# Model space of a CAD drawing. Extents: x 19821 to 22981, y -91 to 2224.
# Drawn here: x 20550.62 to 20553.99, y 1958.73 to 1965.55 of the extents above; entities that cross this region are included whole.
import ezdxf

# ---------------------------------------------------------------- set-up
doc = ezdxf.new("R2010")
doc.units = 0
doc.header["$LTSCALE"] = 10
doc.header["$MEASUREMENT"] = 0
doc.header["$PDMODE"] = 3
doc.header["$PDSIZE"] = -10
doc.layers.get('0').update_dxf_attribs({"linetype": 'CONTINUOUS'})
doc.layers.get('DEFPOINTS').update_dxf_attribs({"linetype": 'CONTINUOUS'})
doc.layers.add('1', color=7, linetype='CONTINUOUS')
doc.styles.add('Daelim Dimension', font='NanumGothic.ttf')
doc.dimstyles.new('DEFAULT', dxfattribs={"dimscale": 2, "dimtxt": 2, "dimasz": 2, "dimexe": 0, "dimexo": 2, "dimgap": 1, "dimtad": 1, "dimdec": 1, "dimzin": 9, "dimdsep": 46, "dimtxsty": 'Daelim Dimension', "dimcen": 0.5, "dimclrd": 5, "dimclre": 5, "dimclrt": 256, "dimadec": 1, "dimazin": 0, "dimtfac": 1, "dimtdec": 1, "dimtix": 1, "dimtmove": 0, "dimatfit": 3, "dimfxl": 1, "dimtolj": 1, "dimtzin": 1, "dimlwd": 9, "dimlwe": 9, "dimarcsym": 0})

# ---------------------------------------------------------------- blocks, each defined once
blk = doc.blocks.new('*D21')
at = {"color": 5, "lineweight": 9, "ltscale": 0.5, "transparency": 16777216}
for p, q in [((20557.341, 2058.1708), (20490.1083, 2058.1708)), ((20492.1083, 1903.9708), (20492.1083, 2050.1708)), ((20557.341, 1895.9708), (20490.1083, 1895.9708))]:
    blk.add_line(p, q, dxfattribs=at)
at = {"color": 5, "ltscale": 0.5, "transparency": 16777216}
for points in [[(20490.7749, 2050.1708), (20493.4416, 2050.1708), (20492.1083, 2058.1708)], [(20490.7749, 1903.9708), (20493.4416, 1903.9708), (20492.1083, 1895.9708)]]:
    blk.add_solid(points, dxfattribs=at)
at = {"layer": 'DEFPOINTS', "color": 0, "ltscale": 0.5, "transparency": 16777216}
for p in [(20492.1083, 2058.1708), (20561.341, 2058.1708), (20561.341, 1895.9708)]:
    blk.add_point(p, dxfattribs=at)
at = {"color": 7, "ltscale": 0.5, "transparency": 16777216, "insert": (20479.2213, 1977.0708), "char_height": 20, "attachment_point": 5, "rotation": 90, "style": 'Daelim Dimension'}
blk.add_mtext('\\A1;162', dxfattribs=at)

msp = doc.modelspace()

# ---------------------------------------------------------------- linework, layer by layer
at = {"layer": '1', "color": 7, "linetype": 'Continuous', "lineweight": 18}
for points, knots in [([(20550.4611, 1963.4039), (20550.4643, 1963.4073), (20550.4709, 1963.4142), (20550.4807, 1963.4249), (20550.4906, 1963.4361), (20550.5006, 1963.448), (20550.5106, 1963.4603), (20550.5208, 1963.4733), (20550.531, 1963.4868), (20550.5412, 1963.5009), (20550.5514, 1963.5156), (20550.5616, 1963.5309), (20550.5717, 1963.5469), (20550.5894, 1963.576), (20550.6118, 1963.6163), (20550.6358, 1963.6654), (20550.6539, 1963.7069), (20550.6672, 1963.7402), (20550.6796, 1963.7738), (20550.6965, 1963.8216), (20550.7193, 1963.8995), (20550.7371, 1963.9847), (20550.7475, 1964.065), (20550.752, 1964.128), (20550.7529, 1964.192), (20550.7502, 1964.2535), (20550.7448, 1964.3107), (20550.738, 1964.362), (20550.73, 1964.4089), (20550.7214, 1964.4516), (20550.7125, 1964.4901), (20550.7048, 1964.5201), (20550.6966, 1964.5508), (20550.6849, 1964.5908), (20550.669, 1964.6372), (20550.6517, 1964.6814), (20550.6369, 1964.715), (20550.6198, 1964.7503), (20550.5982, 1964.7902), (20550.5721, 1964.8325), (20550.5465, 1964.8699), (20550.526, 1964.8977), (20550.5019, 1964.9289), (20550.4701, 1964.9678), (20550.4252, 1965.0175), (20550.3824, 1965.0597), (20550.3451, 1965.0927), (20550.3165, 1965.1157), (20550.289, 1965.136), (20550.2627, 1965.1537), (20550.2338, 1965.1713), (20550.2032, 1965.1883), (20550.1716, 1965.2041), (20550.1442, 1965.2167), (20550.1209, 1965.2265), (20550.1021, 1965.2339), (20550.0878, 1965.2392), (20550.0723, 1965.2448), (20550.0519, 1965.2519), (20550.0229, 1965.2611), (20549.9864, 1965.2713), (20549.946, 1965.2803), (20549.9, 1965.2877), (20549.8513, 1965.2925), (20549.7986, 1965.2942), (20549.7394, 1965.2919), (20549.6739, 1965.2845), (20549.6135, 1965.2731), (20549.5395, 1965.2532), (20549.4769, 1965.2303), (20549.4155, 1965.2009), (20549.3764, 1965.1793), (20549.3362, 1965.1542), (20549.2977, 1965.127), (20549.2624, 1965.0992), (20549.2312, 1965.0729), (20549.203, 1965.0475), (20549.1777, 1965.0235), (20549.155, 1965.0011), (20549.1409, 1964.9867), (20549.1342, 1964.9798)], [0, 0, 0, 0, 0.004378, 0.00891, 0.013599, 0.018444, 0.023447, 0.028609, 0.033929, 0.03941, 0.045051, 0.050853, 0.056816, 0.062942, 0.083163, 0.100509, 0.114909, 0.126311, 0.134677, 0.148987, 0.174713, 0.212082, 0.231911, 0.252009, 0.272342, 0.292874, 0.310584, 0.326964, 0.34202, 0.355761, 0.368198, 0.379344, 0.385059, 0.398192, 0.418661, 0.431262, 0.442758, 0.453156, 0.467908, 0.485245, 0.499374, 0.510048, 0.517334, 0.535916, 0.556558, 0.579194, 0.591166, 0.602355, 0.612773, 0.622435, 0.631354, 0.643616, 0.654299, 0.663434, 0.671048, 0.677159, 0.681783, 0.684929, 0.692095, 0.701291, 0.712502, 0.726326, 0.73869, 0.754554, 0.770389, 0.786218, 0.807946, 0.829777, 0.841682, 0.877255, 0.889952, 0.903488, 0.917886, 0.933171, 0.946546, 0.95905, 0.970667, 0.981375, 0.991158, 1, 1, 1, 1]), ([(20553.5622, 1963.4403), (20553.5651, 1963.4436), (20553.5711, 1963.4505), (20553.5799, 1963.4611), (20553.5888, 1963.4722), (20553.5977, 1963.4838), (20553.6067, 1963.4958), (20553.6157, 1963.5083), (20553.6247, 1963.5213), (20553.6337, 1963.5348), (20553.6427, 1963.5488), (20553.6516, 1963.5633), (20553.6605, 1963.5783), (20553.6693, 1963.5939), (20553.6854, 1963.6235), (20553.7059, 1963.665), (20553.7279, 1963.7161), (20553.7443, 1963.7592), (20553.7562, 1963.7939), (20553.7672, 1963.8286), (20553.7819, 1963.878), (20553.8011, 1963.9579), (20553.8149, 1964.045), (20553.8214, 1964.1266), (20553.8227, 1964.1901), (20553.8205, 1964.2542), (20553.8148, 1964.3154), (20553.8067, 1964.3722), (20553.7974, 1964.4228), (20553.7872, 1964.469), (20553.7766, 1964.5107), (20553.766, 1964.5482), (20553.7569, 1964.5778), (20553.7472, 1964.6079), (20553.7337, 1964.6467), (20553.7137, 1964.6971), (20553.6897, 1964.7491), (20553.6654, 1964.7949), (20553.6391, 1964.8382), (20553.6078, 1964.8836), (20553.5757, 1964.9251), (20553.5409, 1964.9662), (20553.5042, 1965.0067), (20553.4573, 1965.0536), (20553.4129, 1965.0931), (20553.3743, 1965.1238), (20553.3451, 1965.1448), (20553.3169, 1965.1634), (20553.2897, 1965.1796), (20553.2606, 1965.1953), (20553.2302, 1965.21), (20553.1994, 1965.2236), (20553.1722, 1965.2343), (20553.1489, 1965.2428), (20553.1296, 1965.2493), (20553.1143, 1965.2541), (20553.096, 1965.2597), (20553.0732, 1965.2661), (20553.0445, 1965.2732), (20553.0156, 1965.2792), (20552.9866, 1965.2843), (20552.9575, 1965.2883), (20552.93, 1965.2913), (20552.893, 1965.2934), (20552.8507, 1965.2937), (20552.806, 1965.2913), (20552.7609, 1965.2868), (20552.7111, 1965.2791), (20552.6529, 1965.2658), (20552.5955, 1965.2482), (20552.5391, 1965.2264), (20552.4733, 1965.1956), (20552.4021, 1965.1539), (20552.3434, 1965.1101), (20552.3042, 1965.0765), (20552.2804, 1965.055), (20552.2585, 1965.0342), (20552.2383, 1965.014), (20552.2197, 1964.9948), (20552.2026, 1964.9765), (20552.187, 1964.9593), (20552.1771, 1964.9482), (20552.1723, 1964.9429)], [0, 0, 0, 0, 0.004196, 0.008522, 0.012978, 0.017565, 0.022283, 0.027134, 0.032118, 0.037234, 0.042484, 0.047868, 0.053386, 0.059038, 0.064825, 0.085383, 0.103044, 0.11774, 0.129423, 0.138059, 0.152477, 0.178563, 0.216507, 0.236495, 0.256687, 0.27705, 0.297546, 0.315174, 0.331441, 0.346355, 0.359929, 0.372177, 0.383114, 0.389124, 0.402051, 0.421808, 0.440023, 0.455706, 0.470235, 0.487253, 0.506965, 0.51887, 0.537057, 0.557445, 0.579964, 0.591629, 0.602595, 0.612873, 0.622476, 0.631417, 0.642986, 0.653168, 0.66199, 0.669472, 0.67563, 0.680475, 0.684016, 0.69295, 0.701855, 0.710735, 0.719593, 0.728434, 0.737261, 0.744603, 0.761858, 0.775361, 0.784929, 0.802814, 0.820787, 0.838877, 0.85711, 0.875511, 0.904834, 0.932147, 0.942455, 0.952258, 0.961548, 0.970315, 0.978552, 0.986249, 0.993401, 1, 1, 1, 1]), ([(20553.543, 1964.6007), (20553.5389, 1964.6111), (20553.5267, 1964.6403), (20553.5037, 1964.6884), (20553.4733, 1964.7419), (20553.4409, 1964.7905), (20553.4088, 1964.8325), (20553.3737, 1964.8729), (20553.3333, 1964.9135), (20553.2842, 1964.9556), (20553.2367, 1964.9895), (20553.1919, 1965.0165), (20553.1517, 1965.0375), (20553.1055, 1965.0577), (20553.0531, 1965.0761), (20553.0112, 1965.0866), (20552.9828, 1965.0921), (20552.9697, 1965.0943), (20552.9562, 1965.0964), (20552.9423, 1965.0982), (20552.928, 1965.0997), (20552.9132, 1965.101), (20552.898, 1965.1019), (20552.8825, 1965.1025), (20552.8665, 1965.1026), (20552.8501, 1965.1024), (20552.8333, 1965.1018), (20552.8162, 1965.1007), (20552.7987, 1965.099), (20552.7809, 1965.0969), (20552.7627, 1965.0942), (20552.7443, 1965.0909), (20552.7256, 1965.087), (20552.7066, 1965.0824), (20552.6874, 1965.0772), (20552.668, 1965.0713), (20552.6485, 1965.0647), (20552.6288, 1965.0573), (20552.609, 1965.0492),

=======

* [Assigned task]: What are the lines, exactly as written above, from the line with "for points in" to the line with "blk.add_point(p, dxfattribs=at)", both included? Output only those.

* [Answer section]:
for points in [[(20490.7749, 2050.1708), (20493.4416, 2050.1708), (20492.1083, 2058.1708)], [(20490.7749, 1903.9708), (20493.4416, 1903.9708), (20492.1083, 1895.9708)]]:
    blk.add_solid(points, dxfattribs=at)
at = {"layer": 'DEFPOINTS', "color": 0, "ltscale": 0.5, "transparency": 16777216}
for p in [(20492.1083, 2058.1708), (20561.341, 2058.1708), (20561.341, 1895.9708)]:
    blk.add_point(p, dxfattribs=at)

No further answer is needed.